The diagnostic assay also provided government bodies and the banana industry the confidence to embark on a $20 million surveillance and eradication plan in the Tully region.

By February 2002, the Tully outbreak had cost the industry over $4 million in additional treatment costs (de-leafing and spraying) in an attempt to eradicate this disease. Use of the PCR-based black Sigatoka diagnostic contributed $140 800 to this bill, however early diagnosis of the disease also enabled rapid introduction of a management strategy.

This early warning actually reduced the number of de-leafing and spraying treatments, and their associated costs, that would have been necessary had there been a delay in identifying this outbreak. Most importantly, under the circumstances of this outbreak, without this test it is doubtful whether an eradication campaign would have been feasible at all, and black Sigatoka would probably have been declared endemic by now.

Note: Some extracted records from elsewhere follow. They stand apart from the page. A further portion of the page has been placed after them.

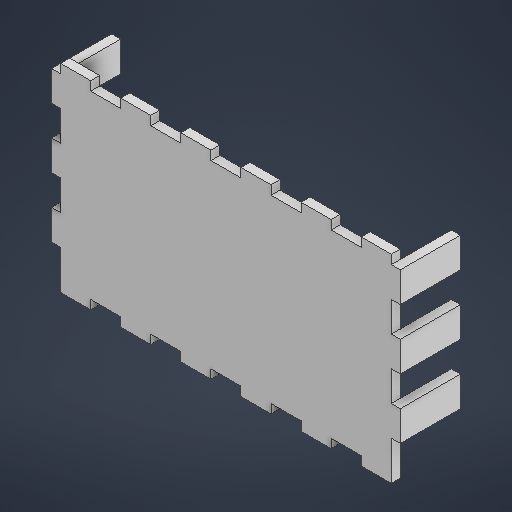
# Autodesk Inventor part: portada
Saved by Autodesk Inventor 2026 (Build 300175000, 175)
## iProperties
Created: 2026-04-21
Part Number: portada
Material: Generic
Document SubType Name: Modeling
Designer: juana
Density: 1 g/cm^3
Appearance: Default
Author: juana
Autodesk Inventor part; units mm, degrees
ref_plane "YZ Plane" through (0, 0, 0) normal (1, 0, 0) x (0, 1, 0)
ref_plane "XZ Plane" through (0, 0, 0) normal (0, 1, 0) x (-1, 0, 0)
ref_plane "XY Plane" through (0, 0, 0) normal (0, 0, 1) x (1, 0, 0)
sketch "Sketch1" plane through (0, 0, 0) normal (0, 0, 1) x (1, 0, 0)
  line L0 (0, 0) -> (110, 0)
  line L1 (110, 0) -> (110, 60)
  line L2 (110, 60) -> (0, 60)
  line L3 (0, 60) -> (0, 0)
  dimension "d0" = 60
  dimension "d1" = 110
  constraints: 8 end point, 2 parallel, 1 horizontal, 1 perpendicular
  measures "d0" distance of L0.end L1.end
  measures "d1" distance of L1.end L2.end
extrude "Extrusion1" add sketch "Sketch1" along normal blind 3
sketch "Sketch2" plane through (0, 0, 3) normal (0, 0, 1) x (1, 0, 0)
  line L0 (0, 0) -> (110, 0) projected
  line L1 (0, 0) -> (10, 0)
  line L2 (10, 0) -> (10, -3)
  line L3 (10, -3) -> (0, -3)
  line L4 (0, -3) -> (0, 0)
  line L5 (20, 0) -> (30, 0)
  line L6 (30, 0) -> (30, -3)
  line L7 (30, -3) -> (20, -3)
  line L8 (20, -3) -> (20, 0)
  line L9 (40, 0) -> (50, 0)
  line L10 (50, 0) -> (50, -3)
  line L11 (50, -3) -> (40, -3)
  line L12 (40, -3) -> (40, 0)
  line L13 (60, 0) -> (70, 0)
  line L14 (70, 0) -> (70, -3)
  line L15 (70, -3) -> (60, -3)
  line L16 (60, -3) -> (60, 0)
  line L17 (80, 0) -> (90, 0)
  line L18 (90, 0) -> (90, -3)
  line L19 (90, -3) -> (80, -3)
  line L20 (80, -3) -> (80, 0)
  line L21 (100, 0) -> (110, 0)
  line L22 (110, 0) -> (110, -3)
  line L23 (110, -3) -> (100, -3)
  line L24 (100, -3) -> (100, 0)
  line L25 (0, 60) -> (0, 0) construction
  line L26 (0, 63) -> (10, 63)
  line L27 (10, 63) -> (10, 60)
  line L28 (10, 60) -> (0, 60)
  line L29 (0, 60) -> (0, 63)
  line L30 (20, 63) -> (30, 63)
  line L31 (30, 63) -> (30, 60)
  line L32 (30, 60) -> (20, 60)
  line L33 (20, 60) -> (20, 63)
  line L34 (40, 63) -> (50, 63)
  line L35 (50, 63) -> (50, 60)
  line L36 (50, 60) -> (40, 60)
  line L37 (40, 60) -> (40, 63)
  line L38 (60, 63) -> (70, 63)
  line L39 (70, 63) -> (70, 60)
  line L40 (70, 60) -> (60, 60)
  line L41 (60, 60) -> (60, 63)
  line L42 (80, 63) -> (90, 63)
  line L43 (90, 63) -> (90, 60)
  line L44 (90, 60) -> (80, 60)
  line L45 (80, 60) -> (80, 63)
  line L46 (100, 63) -> (110, 63)
  line L47 (110, 63) -> (110, 60)
  line L48 (110, 60) -> (100, 60)
  line L49 (100, 60) -> (100, 63)
  dimension "d4" = 10
  dimension "d5" = 3
  dimension "d8" = 20
  dimension "d11" = 63
  constraints: 96 end point, 2 horizontal, 2 parallel, 1 perpendicular, 1 vertical, 88 other
  measures "d4" distance of L2.end L3.end
  measures "d5" distance of L3.end L0.start
  measures "d8" distance of L2.end L6.end
  measures "d11" distance of L2.end L27.end
extrude "Extrusion2" add sketch "Sketch2" against normal blind 3
sketch "Sketch3" plane through (0, 0, 3) normal (0, 0, 1) x (1, 0, 0)
  line L0 (-3, 20) -> (0, 20)
  line L1 (0, 20) -> (0, 10)
  line L2 (0, 10) -> (-3, 10)
  line L3 (-3, 10) -> (-3, 20)
  line L4 (0, 63) -> (0, -3) construction
  line L5 (10, 0) -> (20, 0) construction
  line L6 (-3, 40) -> (0, 40)
  line L7 (0, 40) -> (0, 30)
  line L8 (0, 30) -> (-3, 30)
  line L9 (-3, 30) -> (-3, 40)
  line L10 (-3, 60) -> (0, 60)
  line L11 (0, 60) -> (0, 50)
  line L12 (0, 50) -> (-3, 50)
  line L13 (-3, 50) -> (-3, 60)
  line L14 (110, 20) -> (113, 20)
  line L15 (113, 20) -> (113, 10)
  line L16 (113, 10) -> (110, 10)
  line L17 (110, 10) -> (110, 20)
  line L18 (110, 40) -> (113, 40)
  line L19 (113, 40) -> (113, 30)
  line L20 (113, 30) -> (110, 30)
  line L21 (110, 30) -> (110, 40)
  line L22 (110, 60) -> (113, 60)
  line L23 (113, 60) -> (113, 50)
  line L24 (113, 50) -> (110, 50)
  line L25 (110, 50) -> (110, 60)
  point P0 (0, 0)
  dimension "d16" = 3
  dimension "d17" = 10
  dimension "d18" = 10
  dimension "d21" = 20
  dimension "d24" = 113
  constraints: 48 end point, 2 horizontal, 2 parallel, 1 perpendicular, 1 vertical, 1 vertical alignment, 40 other
  measures "d16" distance of L0.start L0.end
  measures "d17" distance of L2.end L0.start
  measures "d18" distance from line of point (0, 0) L2
  measures "d21" distance of L0.start L6.start
  measures "d24" distance of L0.start L14.start
extrude "Extrusion3" add sketch "Sketch3" against normal blind 20
equation "\"d27\" = d21"
body "Solid1"

If black Sigatoka becomes established in the Tully Valley, a future potential loss of 25% from an endemic outbreak would cost the region almost $22 million in lost production and control costs, and additional de-leafing and spraying treatments would become routine. The effects of agricultural chemicals in sensitive environmental areas are also a concern, and impacts on the industry at the farm gate will have flow-on effects, even though these impacts have not been calculated as part of this cost-benefit analysis.

Clearly, the fact that the NADN was in the process of transferring the black Sigatoka diagnostic to the DPIQ Centre for Tropical Agriculture during this outbreak was a major factor in minimising the potential economic damage of this disease to the banana industry.